Mean Squared Error: 0.11
Mean Absolute Percent Error: 0.11 %

png

Conclusion and Reflections

Overall, the SVR model did the best at predicting future prices for multiple future periods. This is not surprising given that the model performed the best against the testing data. While the first two models overpredicted the spot price, the XGBoost model underpredicted the spot price. However, the XGBoost predicted a closer price during the final period, where the spot price took a dramatic decrease, compared to the first two models.

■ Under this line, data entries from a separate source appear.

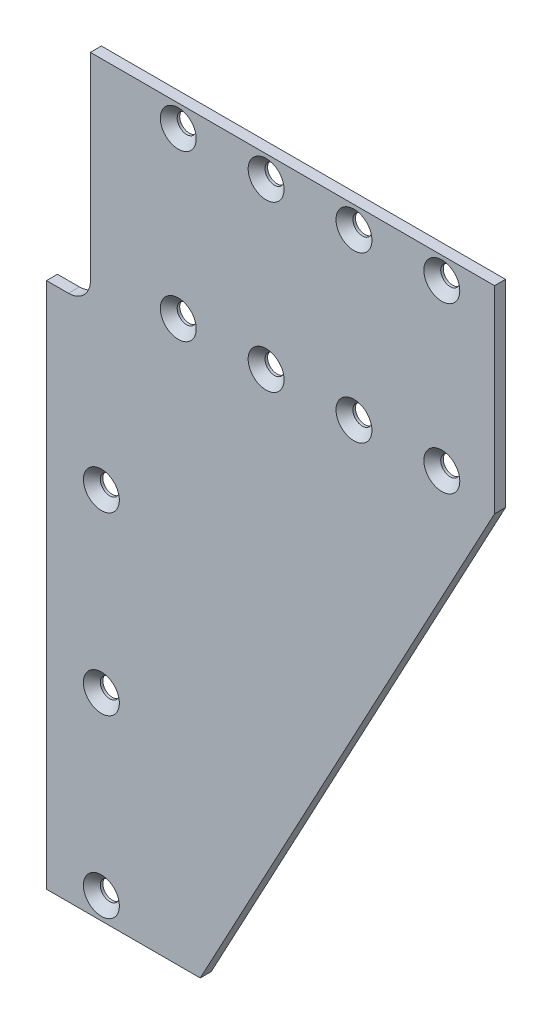
ISO-10303-21;
HEADER;
FILE_DESCRIPTION(('STEP AP214'),'2;1');
FILE_NAME('part.step','',(''),(''),'','','');
FILE_SCHEMA(('AUTOMOTIVE_DESIGN { 1 0 10303 214 1 1 1 1 }'));
ENDSEC;
DATA;
#1=APPLICATION_CONTEXT('core data for automotive mechanical design processes');
#2=APPLICATION_PROTOCOL_DEFINITION('international standard','automotive_design',2000,#1);
#3=PRODUCT_CONTEXT('',#1,'mechanical');
#4=PRODUCT('Part','Part','',(#3));
#5=PRODUCT_RELATED_PRODUCT_CATEGORY('part','',(#4));
#6=PRODUCT_DEFINITION_FORMATION('','',#4);
#7=PRODUCT_DEFINITION_CONTEXT('part definition',#1,'design');
#8=PRODUCT_DEFINITION('design','',#6,#7);
#9=PRODUCT_DEFINITION_SHAPE('','',#8);
#10=(LENGTH_UNIT() NAMED_UNIT(*) SI_UNIT(.MILLI.,.METRE.));
#11=(NAMED_UNIT(*) PLANE_ANGLE_UNIT() SI_UNIT($,.RADIAN.));
#12=(NAMED_UNIT(*) SI_UNIT($,.STERADIAN.) SOLID_ANGLE_UNIT());
#13=UNCERTAINTY_MEASURE_WITH_UNIT(LENGTH_MEASURE(1.E-05),#10,'distance_accuracy_value','');
#14=(GEOMETRIC_REPRESENTATION_CONTEXT(3) GLOBAL_UNCERTAINTY_ASSIGNED_CONTEXT((#13)) GLOBAL_UNIT_ASSIGNED_CONTEXT((#10,
#11,#12)) REPRESENTATION_CONTEXT('',''));
#15=CARTESIAN_POINT('',(0.,0.,0.));
#16=DIRECTION('',(0.,0.,1.));
#17=DIRECTION('',(1.,0.,0.));
#18=AXIS2_PLACEMENT_3D('',#15,#16,#17);
#19=CARTESIAN_POINT('',(6.35,158.75,0.));
#20=DIRECTION('',(0.,0.,-1.));
#21=DIRECTION('',(-1.,0.,0.));
#22=AXIS2_PLACEMENT_3D('',#19,#20,#21);
#23=PLANE('',#22);
#24=CARTESIAN_POINT('',(38.1,209.55,0.));
#25=DIRECTION('',(0.,0.,1.));
#26=DIRECTION('',(1.,0.,0.));
#27=AXIS2_PLACEMENT_3D('',#24,#25,#26);
#28=CIRCLE('',#27,5.1943);
#29=CARTESIAN_POINT('',(43.2943,209.55,0.));
#30=VERTEX_POINT('',#29);
#31=EDGE_CURVE('E366',#30,#30,#28,.T.);
#32=ORIENTED_EDGE('',*,*,#31,.F.);
#33=EDGE_LOOP('',(#32));
#34=FACE_BOUND('',#33,.T.);
#35=CARTESIAN_POINT('',(38.1,161.925,0.));
#36=DIRECTION('',(0.,0.,1.));
#37=DIRECTION('',(1.,0.,0.));
#38=AXIS2_PLACEMENT_3D('',#35,#36,#37);
#39=CIRCLE('',#38,5.1943);
#40=CARTESIAN_POINT('',(43.2943,161.925,0.));
#41=VERTEX_POINT('',#40);
#42=EDGE_CURVE('E375',#41,#41,#39,.T.);
#43=ORIENTED_EDGE('',*,*,#42,.F.);
#44=EDGE_LOOP('',(#43));
#45=FACE_BOUND('',#44,.T.);
#46=DIRECTION('',(1.,0.,0.));
#47=VECTOR('',#46,1.);
#48=CARTESIAN_POINT('',(44.45,0.,0.));
#49=LINE('',#48,#47);
#50=CARTESIAN_POINT('',(0.,0.,0.));
#51=VERTEX_POINT('',#50);
#52=CARTESIAN_POINT('',(44.45,0.,0.));
#53=VERTEX_POINT('',#52);
#54=EDGE_CURVE('E139',#51,#53,#49,.T.);
#55=ORIENTED_EDGE('',*,*,#54,.T.);
#56=DIRECTION('',(0.472417067906652,0.881375126691514,0.));
#57=VECTOR('',#56,1.);
#58=CARTESIAN_POINT('',(129.54,158.75,0.));
#59=LINE('',#58,#57);
#60=CARTESIAN_POINT('',(129.54,158.75,0.));
#61=VERTEX_POINT('',#60);
#62=EDGE_CURVE('E142',#53,#61,#59,.T.);
#63=ORIENTED_EDGE('',*,*,#62,.T.);
#64=DIRECTION('',(0.,1.,0.));
#65=VECTOR('',#64,1.);
#66=CARTESIAN_POINT('',(129.54,215.9,0.));
#67=LINE('',#66,#65);
#68=CARTESIAN_POINT('',(129.54,215.9,0.));
#69=VERTEX_POINT('',#68);
#70=EDGE_CURVE('E146',#61,#69,#67,.T.);
#71=ORIENTED_EDGE('',*,*,#70,.T.);
#72=DIRECTION('',(-1.,0.,0.));
#73=VECTOR('',#72,1.);
#74=CARTESIAN_POINT('',(12.7,215.9,0.));
#75=LINE('',#74,#73);
#76=CARTESIAN_POINT('',(12.7,215.9,0.));
#77=VERTEX_POINT('',#76);
#78=EDGE_CURVE('E149',#69,#77,#75,.T.);
#79=ORIENTED_EDGE('',*,*,#78,.T.);
#80=DIRECTION('',(0.,-1.,0.));
#81=VECTOR('',#80,1.);
#82=CARTESIAN_POINT('',(12.7,215.9,0.));
#83=LINE('',#82,#81);
#84=CARTESIAN_POINT('',(12.7,158.75,0.));
#85=VERTEX_POINT('',#84);
#86=EDGE_CURVE('E152',#77,#85,#83,.T.);
#87=ORIENTED_EDGE('',*,*,#86,.T.);
#88=CARTESIAN_POINT('',(6.35,158.75,0.));
#89=DIRECTION('',(0.,0.,-1.));
#90=DIRECTION('',(-1.,0.,0.));
#91=AXIS2_PLACEMENT_3D('',#88,#89,#90);
#92=CIRCLE('',#91,6.35);
#93=CARTESIAN_POINT('',(6.34999999999994,152.4,0.));
#94=VERTEX_POINT('',#93);
#95=EDGE_CURVE('E155',#85,#94,#92,.T.);
#96=ORIENTED_EDGE('',*,*,#95,.T.);
#97=DIRECTION('',(-1.,0.,0.));
#98=VECTOR('',#97,1.);
#99=CARTESIAN_POINT('',(6.34999999999994,152.4,0.));
#100=LINE('',#99,#98);
#101=CARTESIAN_POINT('',(0.,152.4,0.));
#102=VERTEX_POINT('',#101);
#103=EDGE_CURVE('E115',#94,#102,#100,.T.);
#104=ORIENTED_EDGE('',*,*,#103,.T.);
#105=DIRECTION('',(0.,-1.,0.));
#106=VECTOR('',#105,1.);
#107=CARTESIAN_POINT('',(0.,0.,0.));
#108=LINE('',#107,#106);
#109=EDGE_CURVE('E158',#102,#51,#108,.T.);
#110=ORIENTED_EDGE('',*,*,#109,.T.);
#111=EDGE_LOOP('',(#55,#63,#71,#79,#87,#96,#104,#110));
#112=FACE_BOUND('',#111,.T.);
#113=CARTESIAN_POINT('',(63.5,161.925,0.));
#114=DIRECTION('',(0.,0.,1.));
#115=DIRECTION('',(1.,0.,0.));
#116=AXIS2_PLACEMENT_3D('',#113,#114,#115);
#117=CIRCLE('',#116,5.1943);
#118=CARTESIAN_POINT('',(68.6943,161.925,0.));
#119=VERTEX_POINT('',#118);
#120=EDGE_CURVE('E357',#119,#119,#117,.T.);
#121=ORIENTED_EDGE('',*,*,#120,.F.);
#122=EDGE_LOOP('',(#121));
#123=FACE_BOUND('',#122,.T.);
#124=CARTESIAN_POINT('',(63.5,209.55,0.));
#125=DIRECTION('',(0.,0.,1.));
#126=DIRECTION('',(1.,0.,0.));
#127=AXIS2_PLACEMENT_3D('',#124,#125,#126);
#128=CIRCLE('',#127,5.1943);
#129=CARTESIAN_POINT('',(68.6943,209.55,0.));
#130=VERTEX_POINT('',#129);
#131=EDGE_CURVE('E348',#130,#130,#128,.T.);
#132=ORIENTED_EDGE('',*,*,#131,.F.);
#133=EDGE_LOOP('',(#132));
#134=FACE_BOUND('',#133,.T.);
#135=CARTESIAN_POINT('',(88.9,161.925,0.));
#136=DIRECTION('',(0.,0.,1.));
#137=DIRECTION('',(1.,0.,0.));
#138=AXIS2_PLACEMENT_3D('',#135,#136,#137);
#139=CIRCLE('',#138,5.1943);
#140=CARTESIAN_POINT('',(94.0943,161.925,0.));
#141=VERTEX_POINT('',#140);
#142=EDGE_CURVE('E339',#141,#141,#139,.T.);
#143=ORIENTED_EDGE('',*,*,#142,.F.);
#144=EDGE_LOOP('',(#143));
#145=FACE_BOUND('',#144,.T.);
#146=CARTESIAN_POINT('',(88.9,209.55,0.));
#147=DIRECTION('',(0.,0.,1.));
#148=DIRECTION('',(1.,0.,0.));
#149=AXIS2_PLACEMENT_3D('',#146,#147,#148);
#150=CIRCLE('',#149,5.1943);
#151=CARTESIAN_POINT('',(94.0943,209.55,0.));
#152=VERTEX_POINT('',#151);
#153=EDGE_CURVE('E330',#152,#152,#150,.T.);
#154=ORIENTED_EDGE('',*,*,#153,.F.);
#155=EDGE_LOOP('',(#154));
#156=FACE_BOUND('',#155,.T.);
#157=CARTESIAN_POINT('',(114.3,161.925,0.));
#158=DIRECTION('',(0.,0.,1.));
#159=DIRECTION('',(1.,0.,0.));
#160=AXIS2_PLACEMENT_3D('',#157,#158,#159);
#161=CIRCLE('',#160,5.1943);
#162=CARTESIAN_POINT('',(119.4943,161.925,0.));
#163=VERTEX_POINT('',#162);
#164=EDGE_CURVE('E321',#163,#163,#161,.T.);
#165=ORIENTED_EDGE('',*,*,#164,.F.);
#166=EDGE_LOOP('',(#165));
#167=FACE_BOUND('',#166,.T.);
#168=CARTESIAN_POINT('',(114.3,209.55,0.));
#169=DIRECTION('',(0.,0.,1.));
#170=DIRECTION('',(1.,0.,0.));
#171=AXIS2_PLACEMENT_3D('',#168,#169,#170);
#172=CIRCLE('',#171,5.1943);
#173=CARTESIAN_POINT('',(119.4943,209.55,0.));
#174=VERTEX_POINT('',#173);
#175=EDGE_CURVE('E312',#174,#174,#172,.T.);
#176=ORIENTED_EDGE('',*,*,#175,.F.);
#177=EDGE_LOOP('',(#176));
#178=FACE_BOUND('',#177,.T.);
#179=CARTESIAN_POINT('',(15.875,107.95,0.));
#180=DIRECTION('',(0.,0.,1.));
#181=DIRECTION('',(1.,0.,0.));
#182=AXIS2_PLACEMENT_3D('',#179,#180,#181);
#183=CIRCLE('',#182,5.1943);
#184=CARTESIAN_POINT('',(21.0693,107.95,0.));
#185=VERTEX_POINT('',#184);
#186=EDGE_CURVE('E303',#185,#185,#183,.T.);
#187=ORIENTED_EDGE('',*,*,#186,.F.);
#188=EDGE_LOOP('',(#187));
#189=FACE_BOUND('',#188,.T.);
#190=CARTESIAN_POINT('',(15.875,57.15,0.));
#191=DIRECTION('',(0.,0.,1.));
#192=DIRECTION('',(1.,0.,0.));
#193=AXIS2_PLACEMENT_3D('',#190,#191,#192);
#194=CIRCLE('',#193,5.1943);
#195=CARTESIAN_POINT('',(21.0693,57.15,0.));
#196=VERTEX_POINT('',#195);
#197=EDGE_CURVE('E294',#196,#196,#194,.T.);
#198=ORIENTED_EDGE('',*,*,#197,.F.);
#199=EDGE_LOOP('',(#198));
#200=FACE_BOUND('',#199,.T.);
#201=CARTESIAN_POINT('',(15.875,6.34999999999999,0.));
#202=DIRECTION('',(0.,0.,1.));
#203=DIRECTION('',(1.,0.,0.));
#204=AXIS2_PLACEMENT_3D('',#201,#202,#203);
#205=CIRCLE('',#204,5.1943);
#206=CARTESIAN_POINT('',(21.0693,6.34999999999999,0.));
#207=VERTEX_POINT('',#206);
#208=EDGE_CURVE('E286',#207,#207,#205,.T.);
#209=ORIENTED_EDGE('',*,*,#208,.F.);
#210=EDGE_LOOP('',(#209));
#211=FACE_BOUND('',#210,.T.);
#212=ADVANCED_FACE('F40',(#34,#45,#112,#123,#134,#145,#156,#167,#178,#189,#200,#211),#23,.F.);
#213=CARTESIAN_POINT('',(6.35,158.75,-3.175));
#214=DIRECTION('',(0.,0.,-1.));
#215=DIRECTION('',(-1.,0.,0.));
#216=AXIS2_PLACEMENT_3D('',#213,#214,#215);
#217=PLANE('',#216);
#218=CARTESIAN_POINT('',(114.3,161.925,-3.175));
#219=DIRECTION('',(0.,0.,1.));
#220=DIRECTION('',(1.,0.,0.));
#221=AXIS2_PLACEMENT_3D('',#218,#219,#220);
#222=CIRCLE('',#221,2.75590000000001);
#223=CARTESIAN_POINT('',(117.0559,161.925,-3.175));
#224=VERTEX_POINT('',#223);
#225=EDGE_CURVE('E327',#224,#224,#222,.T.);
#226=ORIENTED_EDGE('',*,*,#225,.T.);
#227=EDGE_LOOP('',(#226));
#228=FACE_BOUND('',#227,.T.);
#229=DIRECTION('',(1.,0.,0.));
#230=VECTOR('',#229,1.);
#231=CARTESIAN_POINT('',(44.45,0.,-3.175));
#232=LINE('',#231,#230);
#233=CARTESIAN_POINT('',(0.,0.,-3.175));
#234=VERTEX_POINT('',#233);
#235=CARTESIAN_POINT('',(44.45,0.,-3.175));
#236=VERTEX_POINT('',#235);
#237=EDGE_CURVE('E160',#234,#236,#232,.T.);
#238=ORIENTED_EDGE('',*,*,#237,.F.);
#239=DIRECTION('',(0.,-1.,0.));
#240=VECTOR('',#239,1.);
#241=CARTESIAN_POINT('',(0.,0.,-3.175));
#242=LINE('',#241,#240);
#243=CARTESIAN_POINT('',(0.,152.4,-3.175));
#244=VERTEX_POINT('',#243);
#245=EDGE_CURVE('E129',#244,#234,#242,.T.);
#246=ORIENTED_EDGE('',*,*,#245,.F.);
#247=DIRECTION('',(-1.,0.,0.));
#248=VECTOR('',#247,1.);
#249=CARTESIAN_POINT('',(6.34999999999994,152.4,-3.175));
#250=LINE('',#249,#248);
#251=CARTESIAN_POINT('',(6.34999999999994,152.4,-3.175));
#252=VERTEX_POINT('',#251);
#253=EDGE_CURVE('E113',#252,#244,#250,.T.);
#254=ORIENTED_EDGE('',*,*,#253,.F.);
#255=CARTESIAN_POINT('',(6.35,158.75,-3.175));
#256=DIRECTION('',(0.,0.,-1.));
#257=DIRECTION('',(-1.,0.,0.));
#258=AXIS2_PLACEMENT_3D('',#255,#256,#257);
#259=CIRCLE('',#258,6.35);
#260=CARTESIAN_POINT('',(12.7,158.75,-3.175));
#261=VERTEX_POINT('',#260);
#262=EDGE_CURVE('E127',#261,#252,#259,.T.);
#263=ORIENTED_EDGE('',*,*,#262,.F.);
#264=DIRECTION('',(0.,-1.,0.));
#265=VECTOR('',#264,1.);
#266=CARTESIAN_POINT('',(12.7,215.9,-3.175));
#267=LINE('',#266,#265);
#268=CARTESIAN_POINT('',(12.7,215.9,-3.175));
#269=VERTEX_POINT('',#268);
#270=EDGE_CURVE('E132',#269,#261,#267,.T.);
#271=ORIENTED_EDGE('',*,*,#270,.F.);
#272=DIRECTION('',(-1.,0.,0.));
#273=VECTOR('',#272,1.);
#274=CARTESIAN_POINT('',(12.7,215.9,-3.175));
#275=LINE('',#274,#273);
#276=CARTESIAN_POINT('',(129.54,215.9,-3.175));
#277=VERTEX_POINT('',#276);
#278=EDGE_CURVE('E134',#277,#269,#275,.T.);
#279=ORIENTED_EDGE('',*,*,#278,.F.);
#280=DIRECTION('',(0.,1.,0.));
#281=VECTOR('',#280,1.);
#282=CARTESIAN_POINT('',(129.54,215.9,-3.175));
#283=LINE('',#282,#281);
#284=CARTESIAN_POINT('',(129.54,158.75,-3.175));
#285=VERTEX_POINT('',#284);
#286=EDGE_CURVE('E386',#285,#277,#283,.T.);
#287=ORIENTED_EDGE('',*,*,#286,.F.);
#288=DIRECTION('',(0.472417067906652,0.881375126691514,0.));
#289=VECTOR('',#288,1.);
#290=CARTESIAN_POINT('',(129.54,158.75,-3.175));
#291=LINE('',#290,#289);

This project was very interesting to complete. There are a lot of things to take into account with predicting time series data, including how past data should be incorporated as well as how to predict multiple periods in the future. I am happy with the skills I gained completing this project even if the overall model results could be better.

Future improvements can be made by incorporating or testing various rolling average ranges or trying advanced time series data techniques, as the first two models are too dependent on the single rolling-average spot price column. Additionally, finding a way to output confidence intervals similar to the ARMA model would be helpful, as it’s unlikely these models will predict the exact spot price.